3. The transition is not only an environmental imperative, but a growth opportunity for the UK. Supplying the goods and services necessary to reach global net zero ambitions is estimated to be worth up to £1 trillion to UK businesses to 2030[footnote 2]. Furthermore, exports within low carbon and renewable energy industries are growing significantly faster than exports from the broader economy. Between 2020 and 2021, it is estimated exports from these sectors increased by 67%, compared to total exports which increased by 6%.[footnote 3]

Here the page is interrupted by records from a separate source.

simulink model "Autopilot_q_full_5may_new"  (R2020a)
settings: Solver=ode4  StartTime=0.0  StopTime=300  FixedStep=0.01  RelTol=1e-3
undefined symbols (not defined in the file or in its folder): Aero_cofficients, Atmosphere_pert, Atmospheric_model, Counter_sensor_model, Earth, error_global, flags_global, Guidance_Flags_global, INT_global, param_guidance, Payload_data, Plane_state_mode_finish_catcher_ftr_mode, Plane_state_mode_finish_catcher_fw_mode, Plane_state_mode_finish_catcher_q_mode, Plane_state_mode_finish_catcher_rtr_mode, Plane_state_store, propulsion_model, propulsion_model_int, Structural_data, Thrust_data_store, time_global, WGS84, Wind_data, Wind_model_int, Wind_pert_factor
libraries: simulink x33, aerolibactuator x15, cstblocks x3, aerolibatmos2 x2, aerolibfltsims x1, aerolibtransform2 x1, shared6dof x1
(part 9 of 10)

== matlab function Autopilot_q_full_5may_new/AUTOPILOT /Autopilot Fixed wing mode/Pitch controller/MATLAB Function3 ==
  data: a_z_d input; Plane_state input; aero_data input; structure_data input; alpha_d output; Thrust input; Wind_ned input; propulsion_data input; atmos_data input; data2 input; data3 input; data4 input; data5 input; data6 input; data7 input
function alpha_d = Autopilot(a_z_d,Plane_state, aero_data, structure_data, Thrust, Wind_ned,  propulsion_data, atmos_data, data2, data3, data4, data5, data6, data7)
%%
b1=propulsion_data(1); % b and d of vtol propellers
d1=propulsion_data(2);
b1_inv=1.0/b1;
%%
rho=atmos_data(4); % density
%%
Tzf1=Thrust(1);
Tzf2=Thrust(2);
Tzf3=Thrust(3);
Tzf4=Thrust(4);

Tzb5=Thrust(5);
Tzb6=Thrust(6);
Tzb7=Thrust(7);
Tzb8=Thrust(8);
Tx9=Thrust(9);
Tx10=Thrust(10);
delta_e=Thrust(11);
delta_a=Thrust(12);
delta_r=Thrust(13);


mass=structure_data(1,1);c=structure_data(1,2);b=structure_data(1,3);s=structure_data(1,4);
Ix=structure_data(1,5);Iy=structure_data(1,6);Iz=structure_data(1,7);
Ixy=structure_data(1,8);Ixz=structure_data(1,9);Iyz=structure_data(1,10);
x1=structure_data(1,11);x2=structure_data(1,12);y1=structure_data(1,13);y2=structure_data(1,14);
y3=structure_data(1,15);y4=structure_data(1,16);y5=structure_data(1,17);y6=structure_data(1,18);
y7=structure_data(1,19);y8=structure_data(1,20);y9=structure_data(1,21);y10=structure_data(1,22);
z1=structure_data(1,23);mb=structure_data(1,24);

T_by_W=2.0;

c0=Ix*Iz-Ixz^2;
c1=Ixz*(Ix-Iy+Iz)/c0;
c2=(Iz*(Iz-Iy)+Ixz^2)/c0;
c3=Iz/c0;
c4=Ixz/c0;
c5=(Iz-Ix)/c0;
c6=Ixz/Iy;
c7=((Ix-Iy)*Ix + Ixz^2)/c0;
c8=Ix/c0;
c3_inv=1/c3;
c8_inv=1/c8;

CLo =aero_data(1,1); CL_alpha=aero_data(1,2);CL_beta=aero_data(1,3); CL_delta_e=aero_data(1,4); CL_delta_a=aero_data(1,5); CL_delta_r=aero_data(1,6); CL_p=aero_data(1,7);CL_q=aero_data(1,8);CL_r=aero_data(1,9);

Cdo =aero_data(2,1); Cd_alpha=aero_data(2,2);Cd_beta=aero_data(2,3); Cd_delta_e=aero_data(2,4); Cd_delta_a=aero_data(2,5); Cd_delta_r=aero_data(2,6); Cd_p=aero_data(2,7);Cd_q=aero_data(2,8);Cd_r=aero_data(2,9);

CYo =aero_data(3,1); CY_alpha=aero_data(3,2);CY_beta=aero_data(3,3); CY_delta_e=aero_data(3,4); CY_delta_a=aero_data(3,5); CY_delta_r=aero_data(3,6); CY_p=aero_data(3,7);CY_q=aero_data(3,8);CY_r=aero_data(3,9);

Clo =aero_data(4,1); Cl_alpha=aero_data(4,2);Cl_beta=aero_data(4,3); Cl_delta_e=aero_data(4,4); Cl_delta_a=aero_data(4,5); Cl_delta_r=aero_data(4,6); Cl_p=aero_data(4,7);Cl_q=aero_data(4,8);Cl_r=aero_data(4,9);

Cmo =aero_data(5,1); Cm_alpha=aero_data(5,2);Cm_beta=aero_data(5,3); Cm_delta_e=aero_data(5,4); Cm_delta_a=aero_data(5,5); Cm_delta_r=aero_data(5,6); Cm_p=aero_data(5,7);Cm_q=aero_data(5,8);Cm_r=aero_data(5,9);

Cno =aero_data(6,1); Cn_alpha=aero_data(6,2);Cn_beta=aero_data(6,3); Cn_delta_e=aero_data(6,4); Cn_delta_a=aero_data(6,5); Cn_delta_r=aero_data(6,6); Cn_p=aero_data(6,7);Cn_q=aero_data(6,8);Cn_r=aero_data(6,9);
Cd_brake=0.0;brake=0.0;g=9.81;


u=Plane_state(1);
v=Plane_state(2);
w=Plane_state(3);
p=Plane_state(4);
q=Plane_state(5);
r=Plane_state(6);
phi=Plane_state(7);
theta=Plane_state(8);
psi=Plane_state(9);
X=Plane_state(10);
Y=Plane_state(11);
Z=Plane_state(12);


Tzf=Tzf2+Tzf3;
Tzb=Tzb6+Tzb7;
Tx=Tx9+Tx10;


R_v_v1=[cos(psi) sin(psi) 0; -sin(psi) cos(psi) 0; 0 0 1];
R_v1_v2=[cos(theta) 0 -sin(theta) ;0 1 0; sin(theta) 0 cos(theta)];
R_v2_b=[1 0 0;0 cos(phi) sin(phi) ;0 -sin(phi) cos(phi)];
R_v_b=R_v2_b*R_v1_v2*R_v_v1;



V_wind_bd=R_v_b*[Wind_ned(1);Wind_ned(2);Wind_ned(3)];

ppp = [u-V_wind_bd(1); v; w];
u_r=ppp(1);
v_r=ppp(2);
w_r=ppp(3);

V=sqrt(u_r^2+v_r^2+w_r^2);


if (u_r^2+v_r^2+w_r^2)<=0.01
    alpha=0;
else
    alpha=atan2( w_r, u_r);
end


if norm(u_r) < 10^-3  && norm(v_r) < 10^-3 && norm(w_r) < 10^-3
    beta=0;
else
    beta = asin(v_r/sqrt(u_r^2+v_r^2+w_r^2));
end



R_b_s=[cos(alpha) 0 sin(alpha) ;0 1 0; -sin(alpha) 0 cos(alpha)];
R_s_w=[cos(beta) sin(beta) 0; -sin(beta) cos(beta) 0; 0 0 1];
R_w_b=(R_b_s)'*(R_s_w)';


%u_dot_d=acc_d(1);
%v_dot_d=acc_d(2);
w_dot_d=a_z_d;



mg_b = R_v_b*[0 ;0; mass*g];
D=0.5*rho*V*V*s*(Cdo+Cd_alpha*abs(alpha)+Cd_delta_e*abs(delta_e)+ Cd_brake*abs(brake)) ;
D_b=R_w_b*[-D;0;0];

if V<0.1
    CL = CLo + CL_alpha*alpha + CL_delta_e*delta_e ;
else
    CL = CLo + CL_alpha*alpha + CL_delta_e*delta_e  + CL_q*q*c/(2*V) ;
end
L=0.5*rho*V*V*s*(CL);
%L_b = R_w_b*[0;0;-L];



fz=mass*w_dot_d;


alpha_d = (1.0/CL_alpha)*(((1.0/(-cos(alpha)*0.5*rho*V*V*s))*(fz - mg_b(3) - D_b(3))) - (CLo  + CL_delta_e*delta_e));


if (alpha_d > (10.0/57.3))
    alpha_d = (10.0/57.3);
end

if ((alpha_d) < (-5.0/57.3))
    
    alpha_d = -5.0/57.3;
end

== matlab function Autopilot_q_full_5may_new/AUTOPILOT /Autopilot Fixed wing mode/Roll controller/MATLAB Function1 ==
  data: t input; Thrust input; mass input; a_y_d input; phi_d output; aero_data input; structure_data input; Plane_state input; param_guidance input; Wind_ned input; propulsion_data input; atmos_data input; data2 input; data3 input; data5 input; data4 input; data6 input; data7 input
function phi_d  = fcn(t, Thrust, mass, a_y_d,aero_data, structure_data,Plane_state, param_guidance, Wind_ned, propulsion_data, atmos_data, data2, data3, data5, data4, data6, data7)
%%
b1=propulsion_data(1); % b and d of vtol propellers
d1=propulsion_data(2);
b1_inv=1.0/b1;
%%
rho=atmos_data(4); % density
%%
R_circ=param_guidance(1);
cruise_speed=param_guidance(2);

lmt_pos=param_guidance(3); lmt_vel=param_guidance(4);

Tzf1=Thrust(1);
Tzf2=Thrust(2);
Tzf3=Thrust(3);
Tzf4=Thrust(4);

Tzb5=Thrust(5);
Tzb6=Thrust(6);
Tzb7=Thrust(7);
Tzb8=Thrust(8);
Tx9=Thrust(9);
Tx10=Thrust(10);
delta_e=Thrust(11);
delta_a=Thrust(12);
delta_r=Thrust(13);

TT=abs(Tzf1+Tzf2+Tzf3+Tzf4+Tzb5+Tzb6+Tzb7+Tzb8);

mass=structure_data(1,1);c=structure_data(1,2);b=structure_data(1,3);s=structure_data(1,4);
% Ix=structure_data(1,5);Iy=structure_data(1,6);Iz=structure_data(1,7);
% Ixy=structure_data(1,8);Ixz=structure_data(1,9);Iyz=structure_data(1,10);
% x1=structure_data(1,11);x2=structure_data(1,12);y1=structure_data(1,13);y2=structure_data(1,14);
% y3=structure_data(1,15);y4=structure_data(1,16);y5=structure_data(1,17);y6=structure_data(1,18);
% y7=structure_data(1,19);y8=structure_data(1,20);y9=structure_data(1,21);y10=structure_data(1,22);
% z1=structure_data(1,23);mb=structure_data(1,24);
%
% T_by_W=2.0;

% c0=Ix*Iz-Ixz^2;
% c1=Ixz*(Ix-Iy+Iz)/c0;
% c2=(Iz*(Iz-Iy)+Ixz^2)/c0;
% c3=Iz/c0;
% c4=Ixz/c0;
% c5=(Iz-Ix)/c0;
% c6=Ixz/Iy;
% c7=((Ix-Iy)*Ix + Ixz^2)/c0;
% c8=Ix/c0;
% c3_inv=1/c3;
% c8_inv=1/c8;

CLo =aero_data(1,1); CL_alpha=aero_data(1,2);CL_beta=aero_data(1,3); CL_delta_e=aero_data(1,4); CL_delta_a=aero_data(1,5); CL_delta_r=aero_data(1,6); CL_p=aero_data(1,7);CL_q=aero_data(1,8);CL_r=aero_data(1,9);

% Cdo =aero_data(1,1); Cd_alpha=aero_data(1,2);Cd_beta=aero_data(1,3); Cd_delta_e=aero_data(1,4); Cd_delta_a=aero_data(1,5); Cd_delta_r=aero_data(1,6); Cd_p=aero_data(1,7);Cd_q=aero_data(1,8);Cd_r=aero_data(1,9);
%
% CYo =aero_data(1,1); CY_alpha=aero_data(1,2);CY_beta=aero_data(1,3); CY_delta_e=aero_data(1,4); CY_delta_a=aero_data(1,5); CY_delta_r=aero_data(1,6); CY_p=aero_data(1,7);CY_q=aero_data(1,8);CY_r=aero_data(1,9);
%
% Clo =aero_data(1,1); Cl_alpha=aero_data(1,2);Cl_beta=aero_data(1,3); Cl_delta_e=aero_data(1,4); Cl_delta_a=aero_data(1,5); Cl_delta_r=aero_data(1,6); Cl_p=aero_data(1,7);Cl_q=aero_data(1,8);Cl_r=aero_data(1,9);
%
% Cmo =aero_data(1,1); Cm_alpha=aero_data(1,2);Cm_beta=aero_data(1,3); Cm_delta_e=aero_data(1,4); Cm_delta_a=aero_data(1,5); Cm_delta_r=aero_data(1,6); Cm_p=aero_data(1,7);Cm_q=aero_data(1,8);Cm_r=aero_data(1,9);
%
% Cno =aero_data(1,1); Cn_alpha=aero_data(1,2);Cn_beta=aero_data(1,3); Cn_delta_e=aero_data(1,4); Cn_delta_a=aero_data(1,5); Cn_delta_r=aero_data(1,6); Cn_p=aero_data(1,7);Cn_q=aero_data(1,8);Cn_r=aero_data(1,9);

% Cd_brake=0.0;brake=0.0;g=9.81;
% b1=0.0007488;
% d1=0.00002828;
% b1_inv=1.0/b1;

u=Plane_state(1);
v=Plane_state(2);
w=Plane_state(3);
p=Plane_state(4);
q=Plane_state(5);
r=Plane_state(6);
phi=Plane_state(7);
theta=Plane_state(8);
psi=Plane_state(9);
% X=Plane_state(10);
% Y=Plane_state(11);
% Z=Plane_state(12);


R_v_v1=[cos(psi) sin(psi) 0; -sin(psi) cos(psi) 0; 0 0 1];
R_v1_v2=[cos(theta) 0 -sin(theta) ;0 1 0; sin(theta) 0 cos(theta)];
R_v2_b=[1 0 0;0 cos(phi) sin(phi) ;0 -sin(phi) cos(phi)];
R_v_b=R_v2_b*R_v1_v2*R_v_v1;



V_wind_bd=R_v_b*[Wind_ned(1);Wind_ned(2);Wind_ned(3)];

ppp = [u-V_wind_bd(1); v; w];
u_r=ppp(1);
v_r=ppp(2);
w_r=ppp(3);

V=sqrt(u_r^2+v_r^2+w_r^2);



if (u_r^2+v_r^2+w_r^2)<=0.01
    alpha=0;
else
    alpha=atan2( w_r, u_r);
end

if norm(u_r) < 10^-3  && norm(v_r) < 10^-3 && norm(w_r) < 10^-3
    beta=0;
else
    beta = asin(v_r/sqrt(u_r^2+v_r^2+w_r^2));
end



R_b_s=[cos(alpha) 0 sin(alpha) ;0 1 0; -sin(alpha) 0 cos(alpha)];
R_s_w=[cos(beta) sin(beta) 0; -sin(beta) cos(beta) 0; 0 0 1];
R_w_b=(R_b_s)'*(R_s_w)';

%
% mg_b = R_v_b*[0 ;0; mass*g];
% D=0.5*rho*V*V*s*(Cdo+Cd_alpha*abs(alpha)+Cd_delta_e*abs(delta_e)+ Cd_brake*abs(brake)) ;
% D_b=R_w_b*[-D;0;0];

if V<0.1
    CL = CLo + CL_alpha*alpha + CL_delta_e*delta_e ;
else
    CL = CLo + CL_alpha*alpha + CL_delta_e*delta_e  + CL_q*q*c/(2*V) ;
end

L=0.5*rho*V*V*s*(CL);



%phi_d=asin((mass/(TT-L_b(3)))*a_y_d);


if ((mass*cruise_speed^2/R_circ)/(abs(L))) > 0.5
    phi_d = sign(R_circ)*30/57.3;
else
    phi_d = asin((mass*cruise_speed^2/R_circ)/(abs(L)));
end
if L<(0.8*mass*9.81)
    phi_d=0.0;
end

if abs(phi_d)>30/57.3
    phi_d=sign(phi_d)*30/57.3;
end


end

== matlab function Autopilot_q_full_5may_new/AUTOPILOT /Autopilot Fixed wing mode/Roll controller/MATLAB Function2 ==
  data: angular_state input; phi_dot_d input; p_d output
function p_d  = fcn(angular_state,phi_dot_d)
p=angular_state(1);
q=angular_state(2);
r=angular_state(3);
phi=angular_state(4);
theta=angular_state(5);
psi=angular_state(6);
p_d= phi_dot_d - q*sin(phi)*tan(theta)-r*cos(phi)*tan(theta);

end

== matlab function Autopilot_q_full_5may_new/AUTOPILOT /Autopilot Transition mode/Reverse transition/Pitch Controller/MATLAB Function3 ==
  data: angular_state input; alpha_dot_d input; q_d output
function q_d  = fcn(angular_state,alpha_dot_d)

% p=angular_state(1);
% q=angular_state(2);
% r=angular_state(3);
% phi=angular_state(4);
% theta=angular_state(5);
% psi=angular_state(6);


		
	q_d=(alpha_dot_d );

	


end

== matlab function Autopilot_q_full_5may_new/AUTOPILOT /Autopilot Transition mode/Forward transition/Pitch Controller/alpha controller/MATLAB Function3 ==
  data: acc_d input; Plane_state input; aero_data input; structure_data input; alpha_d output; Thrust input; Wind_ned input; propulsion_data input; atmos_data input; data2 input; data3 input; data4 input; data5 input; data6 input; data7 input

4. The 2023 Green Finance Strategy (‘this Strategy’) is an update to the UK’s 2019 Green Finance Strategy and sets out how continued UK leadership on green finance will cement the UK’s place at the forefront of this growing global market, and how we will mobilise the investment needed to meet our climate and nature objectives. Published alongside this Strategy are the UK government’s Powering Up Britain, Nature Markets Framework, International Climate Finance Strategy and UK 2030 Strategic Framework for Climate and Nature. Collectively these publications confirm the UK’s ambition to address climate and environmental challenges, and the practical steps we are taking to drive progress.

What are our objectives?

  1. 5. This Strategy aims to reinforce and expand the UK’s position as a world leader on green finance and investment, delivering 5 key objectives:
    1. a. UK financial services growth and competitiveness – The UK can and will do more to support our financial services sector to prosper from a transitioning global economy. From venture capital supporting innovative climate tech solutions, to banks lending to major renewables projects and asset managers allocating capital to support the companies of the future – behind every step of our transition will be our world-leading financial services sector.
    2. b. Investment in the green economy – Private investment will be crucial to delivering net zero, building climate resilience and supporting nature’s recovery. We estimate that to deliver on the UK’s net zero ambitions, through the late 2020s and 2030s, an additional £50-60 billion capital investment will be required each year.[footnote 4] A 2021 report estimated that over the next 10 years, our domestic nature-related goals could require between £44-97 billion of investment[footnote 5]. This investment will support the sectors and technologies of the future, enable traditional sectors to adapt and thrive as part of the transition, and presents a significant opportunity to level up the UK, including those parts with an industrial heritage.
    3. c. Financial stability – Climate change and environmental degradation pose profound risks to the economy. The Bank of England projected £110 billion in additional losses for UK banks out to 2050 in their disorderly transition scenario, and 50-70% higher losses for UK insurers in their highest climate risk scenario.[footnote 6] Similarly, over half the world’s GDP is generated in sectors that depend on the goods and services nature provides.[footnote 7] An effective green finance framework will ensure the finance sector has the information it needs to manage risks from climate change and nature loss.
    4. d. Incorporation of nature and adaptation – There has been significant progress on nature finance both domestically and internationally since 2019, culminating in the commitments on finance made in the landmark Kunming-Montreal Global Biodiversity Framework agreed at the UN Convention on Biological Diversity COP 15 in December 2022. There is also increasing recognition of the government’s critical role in supporting private investment in climate resilience, as highlighted by the Climate Change Committee’s recent report.[footnote 8] To reflect these developments, as well as calls from industry for an integrated approach, this Strategy will explicitly incorporate both nature and climate adaptation into the government’s green finance policy framework.
    5. e. Alignment of global financial flows with climate and nature objectives – With our world leading expertise and outward looking financial sector, the UK is strategically placed to collaborate with international partners to support the alignment of global financial frameworks and stimulate investment towards emerging and developing markets where capital needs are highest. The UK can capture a huge economic opportunity by supporting the global transition, whilst building closer relationships with high growth emerging markets and developing economies as they seek to meet their own financing needs.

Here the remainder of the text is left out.